Does Eating Carbs At Night Affect Fat Loss?

Have you ever been lied to?

I know I have.

And I HATE liars.

One of the lies you’ve likely been told before, is that you shouldn’t eat carbs in the evening past 6pm.

It probably goes something like this…

If all you’re doing is sitting at home on the couch watching TV, and you plan on being inactive the rest of the night, you won’t need the carbs for energy, and thus they will just be stored as fat.

You’re better off consuming your carbs earlier in the day, so you have time to burn them off and use them for energy. This way they won’t be stored as fat.

On the surface, this logic kind of make sense, right?

WRONG.

This is completely ignoring the context of nutrition and metabolism as the bigger overall picture.

 

What You Need To Know

Fat loss is driven by a caloric deficit, in which you take in less calories than you burn.

And as long as that deficit is consistently in place, the timing in which you chose to consume your carbs is negligible.

Your body’s ability to gain or lose weight is mainly about what you eat and how muchNOT when you eat.

Your body is always in a state of storing, and burning energy. And it will use its required amount of energy throughout the course of a day regardless of the time it is being consumed.

The only time carbs actually contribute to fat gain is in the context of a calorie surplus. This means that if you eat too many carbs to the point where it causes you to take in more calories than you are burning, then you will gain fat.
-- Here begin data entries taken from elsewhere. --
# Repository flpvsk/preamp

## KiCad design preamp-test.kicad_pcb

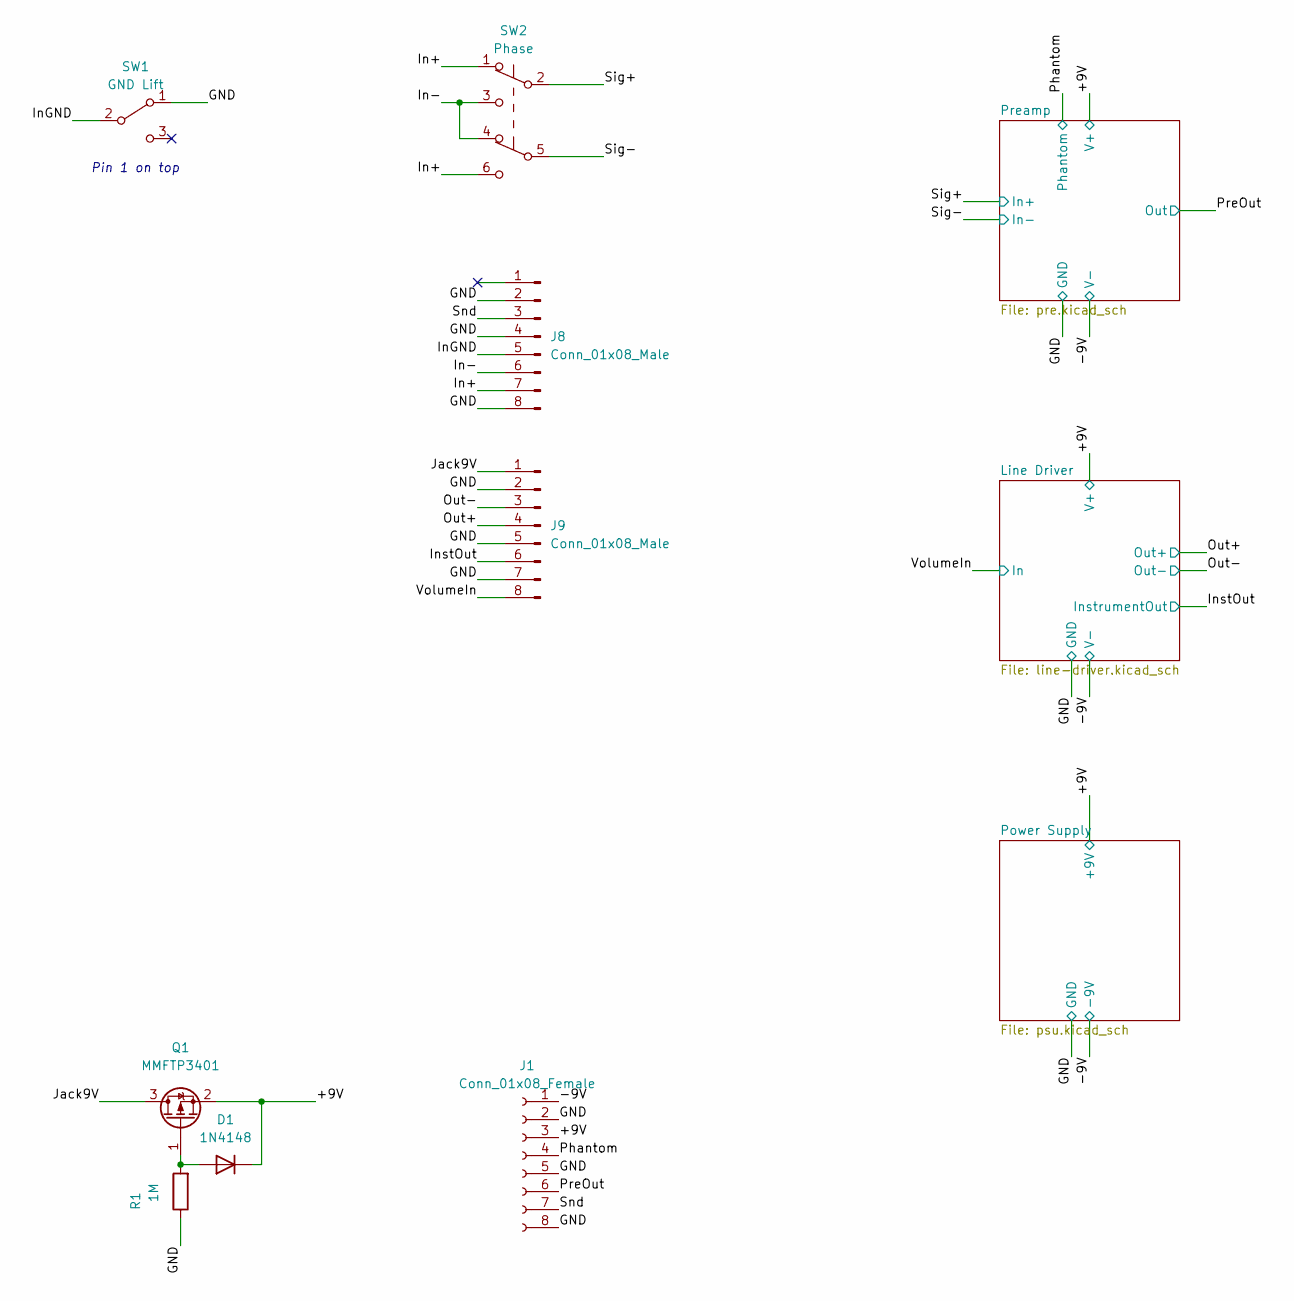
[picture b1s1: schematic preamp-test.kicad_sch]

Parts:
D1: 1N4148; D_SOD-323_HandSoldering
J1: Conn_01x08_Female; PinSocket_1x08_P2.54mm_Vertical
J8, J9: Conn_01x08_Male; Molex_Picoflex_90814-0008_2x04_P1.27mm_Vertical
Q1: MMFTP3401; SOT-23
R1: 1M; R_0603_1608Metric_Pad0.98x0.95mm_HandSolder
SW1: GND Lift; SPDT.LUGS
SW2: Phase; DPDT.LUGS

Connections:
/+9V: D1.1 (K), J1.3, Q1.2 (S); also elsewhere on the board
/-9V: J1.1; also elsewhere on the board
/GND: J1.2, J1.5, J1.8, J8.2, J8.4, J8.8, J9.2, J9.5, J9.7, R1.1, SW1.1 (A); also elsewhere on the board
/In+: J8.7, SW2.1 (A), SW2.6 (C)
/In-: J8.6, SW2.3 (C), SW2.4 (A)
/InGND: J8.5, SW1.2 (B)
/InstOut: J9.6; also elsewhere on the board
/Jack9V: J9.1, Q1.3 (D)
/Out+: J9.4; also elsewhere on the board
/Out-: J9.3; also elsewhere on the board
/Phantom: J1.4; also elsewhere on the board
/PreOut: J1.6; also elsewhere on the board
/Sig+: SW2.2 (B); also elsewhere on the board
/Sig-: SW2.5 (B); also elsewhere on the board
/Snd: J1.7, J8.3
/VolumeIn: J9.8; also elsewhere on the board
unnamed: D1.2 (A), Q1.1 (G), R1.2

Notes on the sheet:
Pin 1 on top

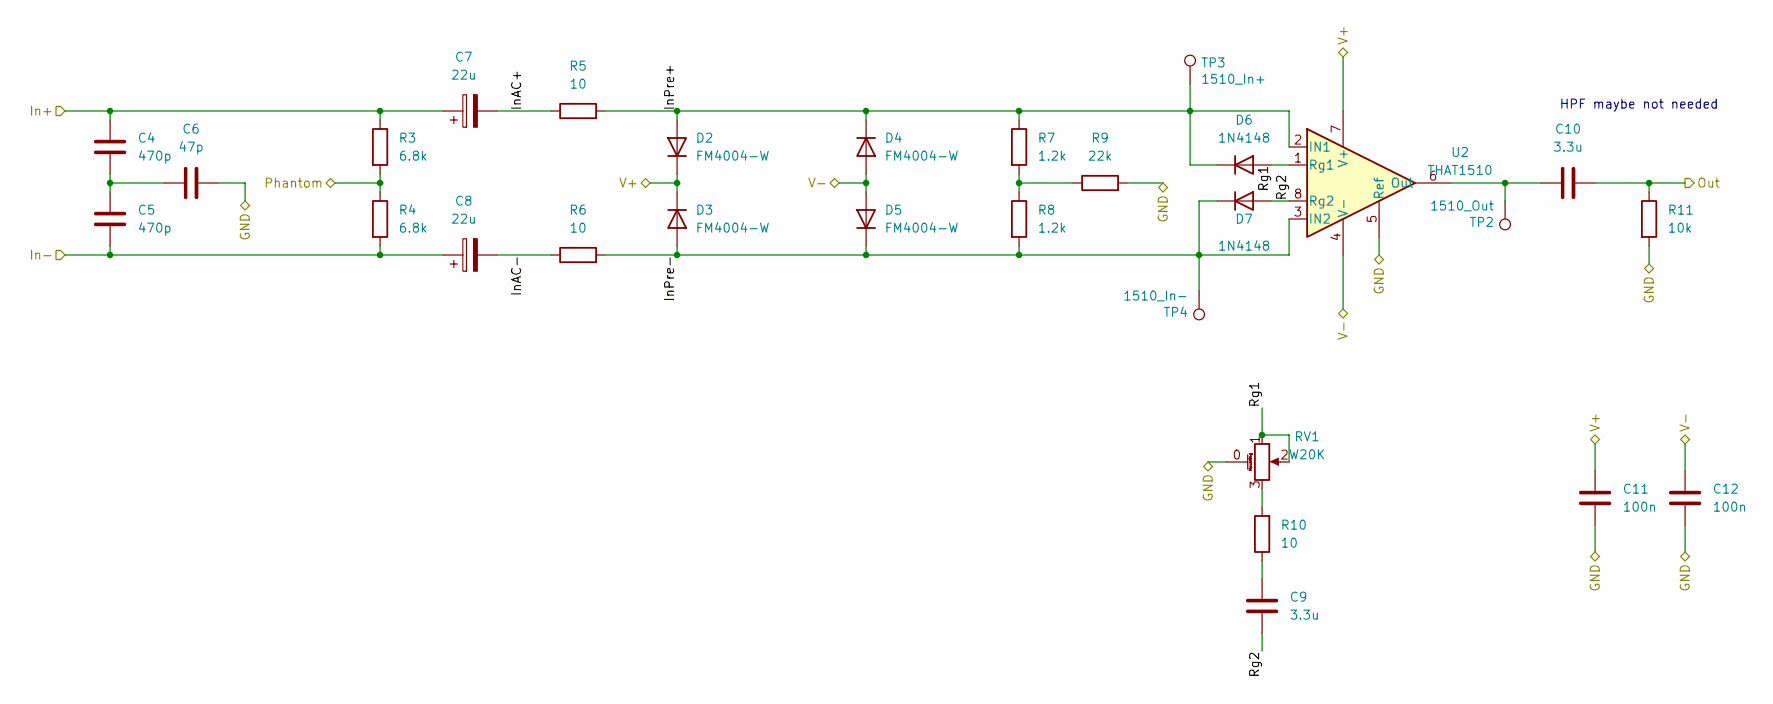
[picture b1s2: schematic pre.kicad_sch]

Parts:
C4, C5: 470p; C_0603_1608Metric_Pad1.08x0.95mm_HandSolder
C6: 47p; C_0603_1608Metric_Pad1.08x0.95mm_HandSolder
C7, C8: 22u; CP_Elec_6.3x5.8
C9, C10: 3.3u; C_1206_3216Metric_Pad1.33x1.80mm_HandSolder
C11, C12: 100n; C_0603_1608Metric_Pad1.08x0.95mm_HandSolder
D2, D3, D4, D5: FM4004-W; D_SMA_Handsoldering
D6, D7: 1N4148; D_SOD-323_HandSoldering
R3, R4: 6.8k; R_0603_1608Metric_Pad0.98x0.95mm_HandSolder
R5, R6, R10: 10; R_0603_1608Metric_Pad0.98x0.95mm_HandSolder
R7, R8: 1.2k; R_0603_1608Metric_Pad0.98x0.95mm_HandSolder
R9: 22k; R_0603_1608Metric_Pad0.98x0.95mm_HandSolder
R11: 10k; R_0603_1608Metric_Pad0.98x0.95mm_HandSolder
RV1: W20K; V3_TRIM_R0904NB10KL-Keepout
TP2: 1510_Out; TestPoint_THTPad_D1.5mm_Drill0.7mm
TP3: 1510_In+; TestPoint_THTPad_D1.5mm_Drill0.7mm
TP4: 1510_In-; TestPoint_THTPad_D1.5mm_Drill0.7mm
U2: THAT1510; SOIC-8_3.9x4.9mm_P1.27mm

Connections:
/+9V: C11.2, D2.1 (K), D3.1 (K), U2.7 (V+); also elsewhere on the board
/-9V: C12.2, D4.2 (A), D5.2 (A), U2.4 (V-); also elsewhere on the board
/GND: C6.2, C11.1, C12.1, R9.2, R11.2, RV1.0 (ShieldPin), U2.5 (Ref); also elsewhere on the board
/Phantom: R3.2, R4.1; also elsewhere on the board
/PreOut: C10.2, R11.1; also elsewhere on the board
/Preamp/InAC+: C7.2, R5.1
/Preamp/InAC-: C8.2, R6.1
/Preamp/InPre+: D2.2 (A), D4.1 (K), D6.1 (K), R5.2, R7.1, TP3.1, U2.2 (IN1)
/Preamp/InPre-: D3.2 (A), D5.1 (K), D7.1 (K), R6.2, R8.2, TP4.1, U2.3 (IN2)
/Preamp/Rg1: D6.2 (A), RV1.1, RV1.2, U2.1 (Rg1)
/Preamp/Rg2: C9.2, D7.2 (A), U2.8 (Rg2)
/Sig+: C4.1, C7.1, R3.1; also elsewhere on the board
/Sig-: C5.2, C8.1, R4.2; also elsewhere on the board
unnamed: C4.2, C5.1, C6.1
unnamed: C9.1, R10.1
unnamed: C10.1, TP2.1, U2.6 (Out)
unnamed: R7.2, R8.1, R9.1
unnamed: R10.2, RV1.3

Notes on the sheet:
HPF maybe not needed

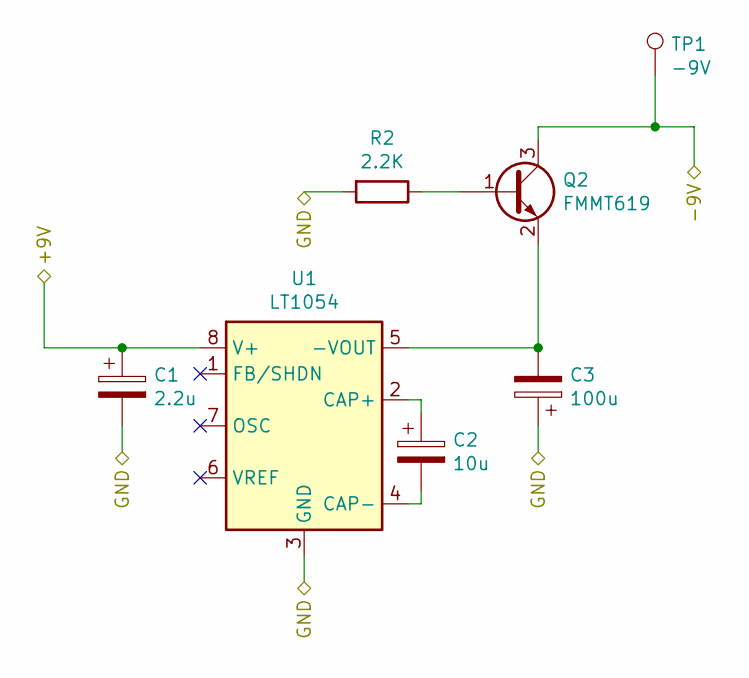
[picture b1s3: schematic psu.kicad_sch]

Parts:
C1: 2.2u; CP_Elec_4x5.4
C2: 10u; CP_EIA-6032-28_Kemet-C_Pad2.25x2.35mm_HandSolder
C3: 100u; CP_EIA-6032-28_Kemet-C_Pad2.25x2.35mm_HandSolder
Q2: FMMT619; SOT-23_Handsoldering
R2: 2.2K; R_0603_1608Metric_Pad0.98x0.95mm_HandSolder
TP1: -9V; TestPoint_THTPad_D1.5mm_Drill0.7mm
U1: LT1054; SOIC-8_3.9x4.9mm_P1.27mm

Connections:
/+9V: C1.1, U1.8 (V+); also elsewhere on the board
/-9V: Q2.3 (C), TP1.1; also elsewhere on the board
/GND: C1.2, C3.1, R2.2, U1.3 (GND); also elsewhere on the board
unnamed: C2.1, U1.2 (CAP+)
unnamed: C2.2, U1.4 (CAP-)
unnamed: C3.2, Q2.2 (E), U1.5 (-VOUT)
unnamed: Q2.1 (B), R2.1

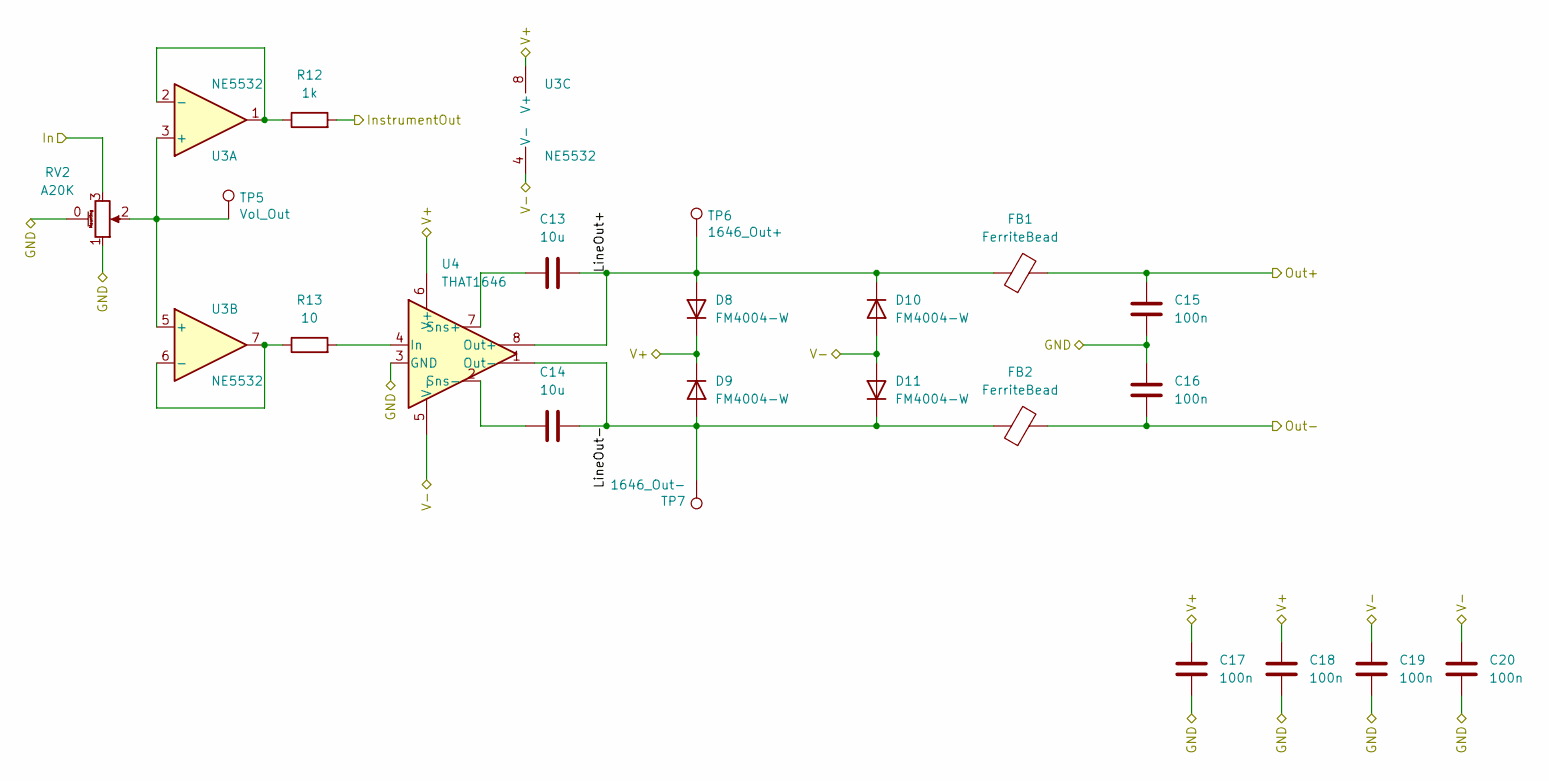
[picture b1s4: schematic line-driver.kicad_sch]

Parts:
C13, C14: 10u; C_1206_3216Metric_Pad1.33x1.80mm_HandSolder
C15, C16, C17, C18, C19, C20: 100n; C_0603_1608Metric_Pad1.08x0.95mm_HandSolder
D8, D9, D10, D11: FM4004-W; D_SMA_Handsoldering
FB1, FB2: FerriteBead; R_0603_1608Metric_Pad0.98x0.95mm_HandSolder
R12: 1k; R_0603_1608Metric_Pad0.98x0.95mm_HandSolder
R13: 10; R_0603_1608Metric_Pad0.98x0.95mm_HandSolder
RV2: A20K; V3_TRIM_R0904NB10KL-Keepout
TP5: Vol_Out; TestPoint_THTPad_D1.5mm_Drill0.7mm
TP6: 1646_Out+; TestPoint_THTPad_D1.5mm_Drill0.7mm
TP7: 1646_Out-; TestPoint_THTPad_D1.5mm_Drill0.7mm
U3: NE5532; SOIC-8_3.9x4.9mm_P1.27mm
U4: THAT1646; SOIC-8_3.9x4.9mm_P1.27mm

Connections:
/+9V: C17.2, C18.2, D8.1 (K), D9.1 (K), U3.8 (V+), U4.6 (V+); also elsewhere on the board
/-9V: C19.2, C20.2, D10.2 (A), D11.2 (A), U3.4 (V-), U4.5 (V-); also elsewhere on the board
/GND: C15.1, C16.2, C17.1, C18.1, C19.1, C20.1, RV2.0 (ShieldPin), RV2.1, U4.3 (GND); also elsewhere on the board
/InstOut: R12.2; also elsewhere on the board
/Line Driver/LineOut+: C13.2, D8.2 (A), D10.1 (K), FB1.1, TP6.1, U4.8 (Out+)
/Line Driver/LineOut-: C14.2, D9.2 (A), D11.1 (K), FB2.1, TP7.1, U4.1 (Out-)
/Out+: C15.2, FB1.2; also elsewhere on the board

Many people often eat at night out of boredom or other emotions, instead of hunger, and they end up consuming more calories than they need for the day.

This of course, can cause fat gain, but it isn’t because of the fact you’ve eaten carbs in the evening, it’s because you’ve consumed too many calories.

As long as you stay within your caloric range, you could have your largest serving of carbohydrates directly before bedtime, and it would not have any negative affect on fat loss.

The truth is, there is really no negative whatsoever to eating carbs, or any macro for that matter, at night.

The main factor will always be your overall intake as a whole before anything else.

Bread.

I actually prefer the majority of my carbs in the evening for 3 reasons:

1. They improve sleep quality (when eaten later in the evening)

Carbs trigger the release of serotonin, a neurotransmitter that boosts mood, relaxation and quality of sleep.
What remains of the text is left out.